*** Exercise data ***
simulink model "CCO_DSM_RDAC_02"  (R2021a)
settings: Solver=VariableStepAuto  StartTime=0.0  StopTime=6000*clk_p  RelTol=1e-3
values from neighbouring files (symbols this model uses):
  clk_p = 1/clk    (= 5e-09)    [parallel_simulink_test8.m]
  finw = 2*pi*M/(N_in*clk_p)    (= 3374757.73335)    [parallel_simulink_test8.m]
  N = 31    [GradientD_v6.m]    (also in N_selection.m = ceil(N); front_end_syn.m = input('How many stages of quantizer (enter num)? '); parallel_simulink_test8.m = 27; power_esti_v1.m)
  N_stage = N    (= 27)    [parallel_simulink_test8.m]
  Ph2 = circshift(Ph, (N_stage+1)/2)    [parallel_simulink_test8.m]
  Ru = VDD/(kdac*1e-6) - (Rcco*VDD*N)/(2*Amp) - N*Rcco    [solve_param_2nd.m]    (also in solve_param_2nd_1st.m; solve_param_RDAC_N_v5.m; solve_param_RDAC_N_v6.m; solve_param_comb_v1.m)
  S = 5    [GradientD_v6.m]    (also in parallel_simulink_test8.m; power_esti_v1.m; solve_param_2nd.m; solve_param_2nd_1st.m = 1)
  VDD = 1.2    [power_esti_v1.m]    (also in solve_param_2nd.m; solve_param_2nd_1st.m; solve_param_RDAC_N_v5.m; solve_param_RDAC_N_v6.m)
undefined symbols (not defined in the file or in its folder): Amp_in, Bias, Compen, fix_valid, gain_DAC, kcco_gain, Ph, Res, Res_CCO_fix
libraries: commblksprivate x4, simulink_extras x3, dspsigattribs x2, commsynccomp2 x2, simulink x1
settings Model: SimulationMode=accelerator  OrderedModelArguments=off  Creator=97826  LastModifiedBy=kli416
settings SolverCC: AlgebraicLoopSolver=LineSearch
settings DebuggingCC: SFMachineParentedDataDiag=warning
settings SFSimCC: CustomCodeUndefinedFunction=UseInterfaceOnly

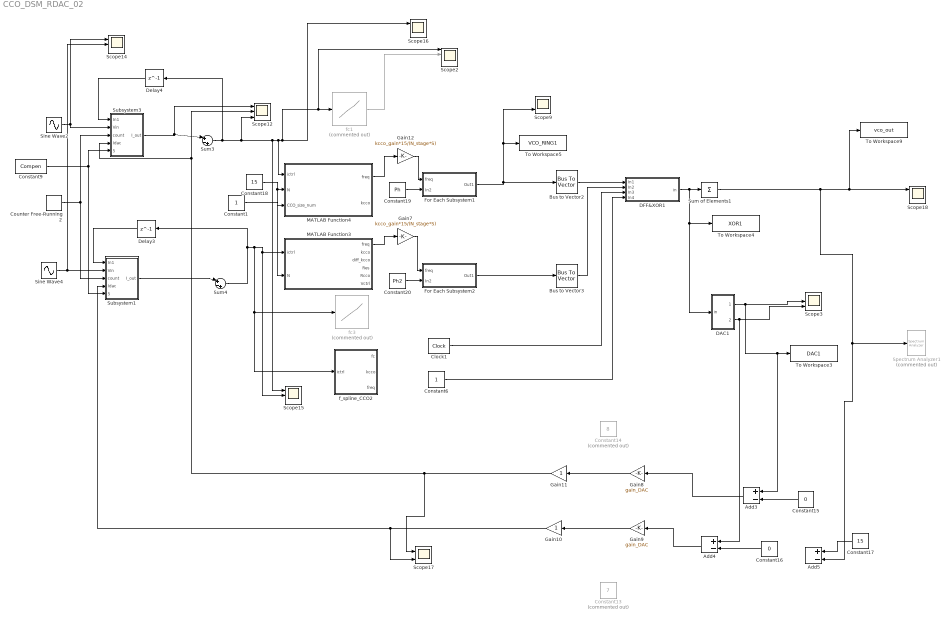
== system CCO_DSM_RDAC_02 ==
  Add3 : Sum  Inputs=+-
  Add4 : Sum  Inputs=+-
  Add5 : Sum  Inputs=+-
  Bus to Vector2 : BusToVector
  Bus to Vector3 : BusToVector
  Clock1 : simulink_extras/Flip Flops/Clock  period=clk_p
  Constant1 : Constant  VectorParams1D=off
  Constant13 : Constant  Commented=on  Value=7
  Constant14 : Constant  Commented=on  Value=8
  Constant15 : Constant  Value=0
  Constant16 : Constant  Value=0
  Constant17 : Constant  Value=15
  Constant18 : Constant  Value=15  VectorParams1D=off
  Constant19 : Constant  Value=Ph  VectorParams1D=off
  Constant20 : Constant  Value=Ph2  VectorParams1D=off
  Constant6 : Constant
  Constant9 : Constant  Value=Compen
  Counter Free-Running2 : simulink/Sources/Counter Free-Running  NumBits=32  tsamp=clk_p
  DAC1 : Subsystem
  DFF&XOR1 : Subsystem  TreatAsAtomicUnit=on
  Delay3 : Delay  DelayLength=1  SampleTime=clk_p
  Delay4 : Delay  DelayLength=1  SampleTime=clk_p
  For Each Subsystem1 : Subsystem  TreatAsAtomicUnit=on
  For Each Subsystem2 : Subsystem  TreatAsAtomicUnit=on
  Gain10 : Gain
  Gain11 : Gain
  Gain12 : Gain  Gain=kcco_gain*15/(N_stage*S)
  Gain7 : Gain  Gain=kcco_gain*15/(N_stage*S)
  Gain8 : Gain  Gain=gain_DAC
  Gain9 : Gain  Gain=gain_DAC
  MATLAB Function3 : MATLAB Function  TreatAsAtomicUnit=on
  MATLAB Function4 : MATLAB Function  TreatAsAtomicUnit=on
  Scope{3,12,14..16,18} (6 alike) : Scope  NumInputPorts=3
  Scope17 : Scope  NumInputPorts=2
  Scope2 : Scope  NumInputPorts=4
  Scope9 : Scope  NumInputPorts=2
  Sine Wave2 : Sin  Amplitude=Amp_in  Bias=Bias  Frequency=finw  SampleTime=0
  Sine Wave4 : Sin  Amplitude=Amp_in  Bias=Bias  Frequency=finw  Phase=pi  SampleTime=0
  Spectrum Analyzer1 : SpectrumAnalyzer  Commented=on
  Subsystem1 : Subsystem
  Subsystem3 : Subsystem
  Sum of Elements1 : Sum  Inputs=+  CollapseMode=Specified dimension
  Sum3 : Sum  Inputs=|+-+
  Sum4 : Sum  Inputs=|+-+
  To Workspace3 : ToWorkspace  VariableName=DAC1  SampleTime=-1
  To Workspace4 : ToWorkspace  VariableName=XOR1  SampleTime=-1
  To Workspace5 : ToWorkspace  VariableName=VCO_RING1  SampleTime=-1
  To Workspace9 : ToWorkspace  VariableName=vco_out  SampleTime=-1
  f_spline_CCO2 : MATLAB Function  TreatAsAtomicUnit=on
  fc1 : Lookup_n-D  Commented=on  NumberOfTableDimensions=1  BreakpointsForDimension1="[0.2, 0.3, 0.4, 0.5, 0.6, 0.7, 0.8, 0.9, 1.0, 1.1, 1.2, 1.3, 1.4, 1.5, 1.6, 1.7, 1.8, 1.9, 2, 3, 4, 5, 6, 7, 8, 9, 10, 15, 20, 25, 30, 35, 40, 45, 50, 55,  60, 65,  70, 75, 80, 85, 90, 95,  100, 105, 110, 115, 120, 125,  130, 135, 140, 145, 150, 155, 160, 165, 170, 175, 180, 185, 190, 195, 200]"  Table=|  InternalRulePriority=Speed  RndMeth=Simplest  InputSameDT=on
      | [1.66447511e+06, 2.39120610e+06, 3.09209814e+06, 3.77442525e+06,...
      |        4.44233187e+06, 5.09847708e+06, 5.74468330e+06, 6.38231333e+06,...
      |        7.01222933e+06, 7.63545294e+06, 8.25259544e+06, 8.86438379e+06,...
      |        9.47104229e+06, 1.00727251e+07, 1.06702063e+07, 1.12634810e+07,...
      |        1.18529335e+07, 1.24387856e+07, 1.30211555e+07, 1.86896325e+07,...
      |        2.41398372e+07, 2.94282099e+07, 3.45871163e+07, 3.96389683e+07,...
      |        4.45976622e+07, 4.94748247e+07, 5.42802707e+07, 7.74257487e+07,...
      |        9.94391631e+07, 1.20601948e+08, 1.41072774e+08, 1.60965277e+08,...
      |        1.80356637e+08, 1.99308797e+08, 2.17870620e+08, 2.36073995e+08,...
      |        2.53954710e+08, 2.71542852e+08, 2.88847872e+08, 3.05898332e+08,...
      |        3.22708688e+08, 3.39290137e+08, 3.55660515e+08, 3.71827383e+08,...
      |        3.87804329e+08, 4.03598484e+08, 4.19215145e+08, 4.34671106e+08,...
      |        4.49972102e+08, 4.65109789e+08, 4.80106776e+08, 4.94966194e+08,...
      |        5.09681398e+08, 5.24271132e+08, 5.38732148e+08, 5.53069814e+08,...
      |        5.67288983e+08, 5.81395349e+08, 5.95390487e+08, 6.09269425e+08,...
      |        6.23056841e+08, 6.36731783e+08, 6.50300764e+08, 6.63790242e+08,...
      |        6.77167274e+08]
  fc3 : Lookup_n-D  Commented=on  NumberOfTableDimensions=1  BreakpointsForDimension1="[0.2, 0.3, 0.4, 0.5, 0.6, 0.7, 0.8, 0.9, 1.0, 1.1, 1.2, 1.3, 1.4, 1.5, 1.6, 1.7, 1.8, 1.9, 2, 3, 4, 5, 6, 7, 8, 9, 10, 15, 20, 25, 30, 35, 40, 45, 50, 55,  60, 65,  70, 75, 80, 85, 90, 95,  100, 105, 110, 115, 120, 125,  130, 135, 140, 145, 150, 155, 160, 165, 170, 175, 180, 185, 190, 195, 200]"  Table=|  InternalRulePriority=Speed  RndMeth=Simplest  InputSameDT=on
      | [1.66447511e+06, 2.39120610e+06, 3.09209814e+06, 3.77442525e+06,...
      |        4.44233187e+06, 5.09847708e+06, 5.74468330e+06, 6.38231333e+06,...
      |        7.01222933e+06, 7.63545294e+06, 8.25259544e+06, 8.86438379e+06,...
      |        9.47104229e+06, 1.00727251e+07, 1.06702063e+07, 1.12634810e+07,...
      |        1.18529335e+07, 1.24387856e+07, 1.30211555e+07, 1.86896325e+07,...
      |        2.41398372e+07, 2.94282099e+07, 3.45871163e+07, 3.96389683e+07,...
      |        4.45976622e+07, 4.94748247e+07, 5.42802707e+07, 7.74257487e+07,...
      |        9.94391631e+07, 1.20601948e+08, 1.41072774e+08, 1.60965277e+08,...
      |        1.80356637e+08, 1.99308797e+08, 2.17870620e+08, 2.36073995e+08,...
      |        2.53954710e+08, 2.71542852e+08, 2.88847872e+08, 3.05898332e+08,...
      |        3.22708688e+08, 3.39290137e+08, 3.55660515e+08, 3.71827383e+08,...
      |        3.87804329e+08, 4.03598484e+08, 4.19215145e+08, 4.34671106e+08,...
      |        4.49972102e+08, 4.65109789e+08, 4.80106776e+08, 4.94966194e+08,...
      |        5.09681398e+08, 5.24271132e+08, 5.38732148e+08, 5.53069814e+08,...
      |        5.67288983e+08, 5.81395349e+08, 5.95390487e+08, 6.09269425e+08,...
      |        6.23056841e+08, 6.36731783e+08, 6.50300764e+08, 6.63790242e+08,...
      |        6.77167274e+08]
  wires:
  Delay3/1 -> Subsystem1/1(In1)
  Sine Wave2/1 -> Subsystem3/2(Vin), Scope14/1
  Add4/1 -> Gain9/1
  Gain12/1 -> For Each Subsystem1/1(freq)
  Constant9/1 -> Subsystem1/5(compen), Subsystem3/5(compen)
  Sum4/1 -> Delay3/1, Scope15/2, MATLAB Function3/1(ictrl), f_spline_CCO2/1(ictrl), fc3/1
  Delay4/1 -> Subsystem3/1(In1)
  Sum of Elements1/1 -> Spectrum Analyzer1/1, Add5/2, Scope18/1, To Workspace9/1
  Sum3/1 -> Delay4/1, Scope12/3, Scope15/1, MATLAB Function4/1(ictrl), Scope2/1, fc1/1, Scope16/1
  Subsystem3/1(I_out) -> Scope12/1, Sum3/1
  Constant19/1 -> For Each Subsystem1/2(In2)
  Bus to Vector2/1 -> DFF&XOR1/1(In1)
  fc1/1 -> Scope2/2
  Counter Free-Running2/1 -> Subsystem1/3(count), Subsystem3/3(count)
  DAC1/2(out2) -> Add4/1, Scope3/3
  Constant16/1 -> Add4/2
  Constant6/1 -> DFF&XOR1/4(In4)
  Gain8/1 -> Gain11/1
  Gain10/1 -> Subsystem1/4(Idac), Scope17/2
  Constant18/1 -> MATLAB Function3/2(N), MATLAB Function4/2(N)
  Gain7/1 -> For Each Subsystem2/1(freq)
  Constant17/1 -> Add5/1
  Constant20/1 -> For Each Subsystem2/2(In2)
  DAC1/1(out1) -> Add3/1, To Workspace3/1, Scope3/2
  Gain9/1 -> Gain10/1
  Clock1/1 -> DFF&XOR1/3(In3)
  Constant15/1 -> Add3/2
  DFF&XOR1/1(in) -> To Workspace4/1, DAC1/1(in), Sum of Elements1/1
  Subsystem1/1(I_out) -> Sum4/1
  Bus to Vector3/1 -> DFF&XOR1/2(In2)
  For Each Subsystem2/1(Out1) -> Bus to Vector3/1
  Sine Wave4/1 -> Subsystem1/2(Vin), Scope14/2
  For Each Subsystem1/1(Out1) -> To Workspace5/1, Scope9/2, Bus to Vector2/1
  Add3/1 -> Gain8/1
  Gain11/1 -> Subsystem3/4(Idac), Scope12/2, Scope17/1
  MATLAB Function3/1(freq) -> Gain7/1
  MATLAB Function4/1(freq) -> Gain12/1
  Constant1/1 -> MATLAB Function4/3(CCO_size_num)

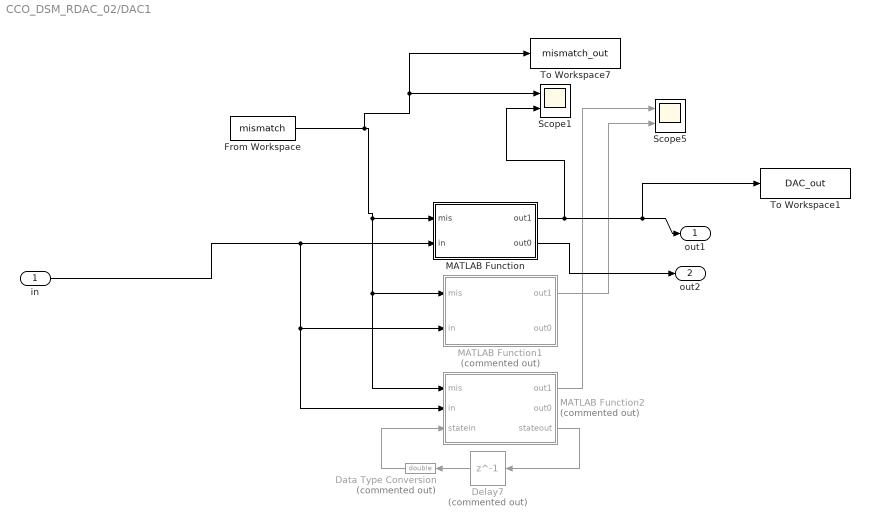
== system CCO_DSM_RDAC_02/DAC1 ==
  in : Inport
  Data Type Conversion : DataTypeConversion  Commented=on  OutDataTypeStr=double
  Delay7 : Delay  Commented=on  DelayLength=1  SampleTime=clk_p
  From Workspace : FromWorkspace  VariableName=mismatch
  MATLAB Function : MATLAB Function  TreatAsAtomicUnit=on
  MATLAB Function1 : MATLAB Function  Commented=on  TreatAsAtomicUnit=on
  MATLAB Function2 : MATLAB Function  Commented=on  TreatAsAtomicUnit=on
  Scope1 : Scope  NumInputPorts=2
  Scope5 : Scope  NumInputPorts=2
  To Workspace1 : ToWorkspace  VariableName=DAC_out  SampleTime=-1
  To Workspace7 : ToWorkspace  VariableName=mismatch_out  SampleTime=-1
  out1 : Outport
  out2 : Outport  Port=2
  wires:
  From Workspace/1 -> To Workspace7/1, Scope1/1, MATLAB Function2/1(mis), MATLAB Function1/1(mis), MATLAB Function/1(mis)
  MATLAB Function1/1(out1) -> Scope5/2
  MATLAB Function2/1(out1) -> Scope5/1
  MATLAB Function2/3(stateout) -> Delay7/1
  Delay7/1 -> Data Type Conversion/1
  Data Type Conversion/1 -> MATLAB Function2/3(statein)
  MATLAB Function/1(out1) -> Scope1/2, To Workspace1/1, out1/1
  MATLAB Function/2(out0) -> out2/1
  in/1 -> MATLAB Function2/2(in), MATLAB Function1/2(in), MATLAB Function/2(in)

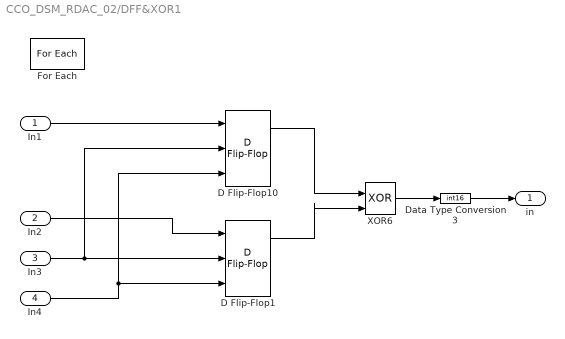
== system CCO_DSM_RDAC_02/DFF&XOR1 ==
  In1 : Inport  Partition=on  PartitionDimension=1  PartitionWidth=N_stage  PartitionOffset=0
  In2 : Inport  Port=2  Partition=on  PartitionDimension=1  PartitionWidth=N_stage  PartitionOffset=0
  In3 : Inport  Port=3
  In4 : Inport  Port=4
  D Flip-Flop1 : simulink_extras/Flip Flops/D Flip-Flop
  D Flip-Flop10 : simulink_extras/Flip Flops/D Flip-Flop
  Data Type Conversion3 : DataTypeConversion  OutDataTypeStr=int16
  For Each : ForEach  DisableCoverage=on
  XOR6 : Logic  Operator=XOR  IconShape=distinctive  AllPortsSameDT=off  OutDataTypeStr=boolean
  in : Outport  ConcatenationDimension=1
  wires:
  In1/1 -> D Flip-Flop10/1
  In3/1 -> D Flip-Flop1/2, D Flip-Flop10/2
  In4/1 -> D Flip-Flop1/3, D Flip-Flop10/3
  In2/1 -> D Flip-Flop1/1
  D Flip-Flop10/1 -> XOR6/1
  D Flip-Flop1/1 -> XOR6/2
  XOR6/1 -> Data Type Conversion3/1
  Data Type Conversion3/1 -> in/1

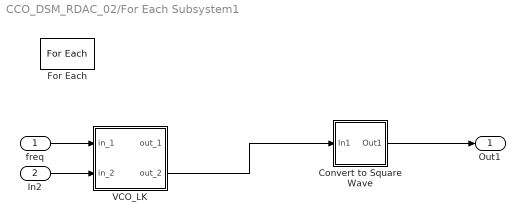
== system CCO_DSM_RDAC_02/For Each Subsystem1 ==
  freq : Inport
  In2 : Inport  Port=2  Partition=on  PartitionDimension=1  PartitionWidth=1  PartitionOffset=0
  Convert to Square Wave : Subsystem
  For Each : ForEach  DisableCoverage=on
  VCO_LK : Subsystem  mask{Ac=1, Fc=1, Kc=1, Ph=1}
  Out1 : Outport  ConcatenationDimension=1
  wires:
  freq/1 -> VCO_LK/1(in_1)
  Convert to Square Wave/1(Out1) -> Out1/1
  VCO_LK/2(out_2) -> Convert to Square Wave/1(In1)
  In2/1 -> VCO_LK/2(in_2)

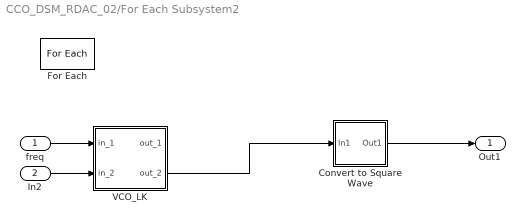
== system CCO_DSM_RDAC_02/For Each Subsystem2 ==
  freq : Inport
  In2 : Inport  Port=2  Partition=on  PartitionDimension=1  PartitionWidth=1  PartitionOffset=0
  Convert to Square Wave : Subsystem
  For Each : ForEach  DisableCoverage=on
  VCO_LK : Subsystem  mask{Ac=1, Fc=1, Kc=1, Ph=1}
  Out1 : Outport  ConcatenationDimension=1
  wires:
  freq/1 -> VCO_LK/1(in_1)
  Convert to Square Wave/1(Out1) -> Out1/1
  VCO_LK/2(out_2) -> Convert to Square Wave/1(In1)
  In2/1 -> VCO_LK/2(in_2)

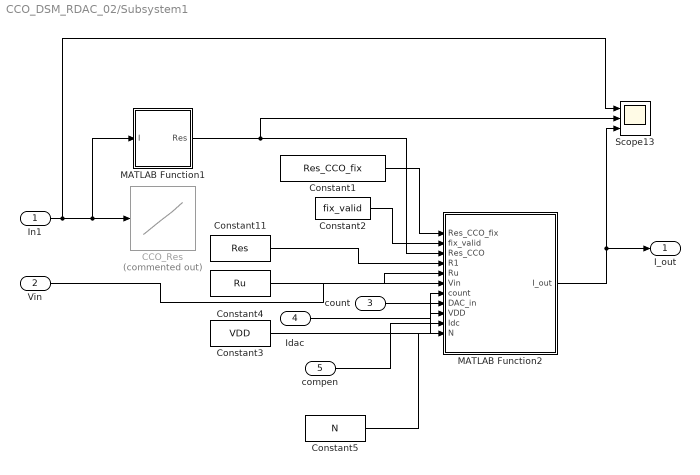
== system CCO_DSM_RDAC_02/Subsystem1 ==
  In1 : Inport
  Vin : Inport  Port=2
  count : Inport  Port=3
  Idac : Inport  Port=4
  compen : Inport  Port=5
  CCO_Res : Lookup_n-D  Commented=on  NumberOfTableDimensions=1  BreakpointsForDimension1="[0.2, 0.3, 0.4, 0.5, 0.6, 0.7, 0.8, 0.9, 1.0, 1.1, 1.2, 1.3, 1.4, 1.5, 1.6, 1.7, 1.8, 1.9, 2, 3, 4, 5, 6, 7, 8, 9, 10, 15, 20, 25, 30, 35, 40, 45, 50, 55,  60, 65,  70, 75, 80, 85, 90, 95,  100, 105, 110, 115, 120, 125,  130, 135, 140, 145, 150, 155, 160, 165, 170, 175, 180, 185, 190, 195, 200]"  Table=|  InternalRulePriority=Speed  RndMeth=Simplest  InputSameDT=on
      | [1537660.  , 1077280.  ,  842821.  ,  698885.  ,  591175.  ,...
***
- _What you will do_
Taking the entries above, write out exactly the lines starting with the line containing "To Workspace5 : ToWorkspace" and going on through the line containing "fc1 : Lookup_n-D", both included, and nothing else.

- _Result_
  To Workspace5 : ToWorkspace  VariableName=VCO_RING1  SampleTime=-1
  To Workspace9 : ToWorkspace  VariableName=vco_out  SampleTime=-1
  f_spline_CCO2 : MATLAB Function  TreatAsAtomicUnit=on
  fc1 : Lookup_n-D  Commented=on  NumberOfTableDimensions=1  BreakpointsForDimension1="[0.2, 0.3, 0.4, 0.5, 0.6, 0.7, 0.8, 0.9, 1.0, 1.1, 1.2, 1.3, 1.4, 1.5, 1.6, 1.7, 1.8, 1.9, 2, 3, 4, 5, 6, 7, 8, 9, 10, 15, 20, 25, 30, 35, 40, 45, 50, 55,  60, 65,  70, 75, 80, 85, 90, 95,  100, 105, 110, 115, 120, 125,  130, 135, 140, 145, 150, 155, 160, 165, 170, 175, 180, 185, 190, 195, 200]"  Table=|  InternalRulePriority=Speed  RndMeth=Simplest  InputSameDT=on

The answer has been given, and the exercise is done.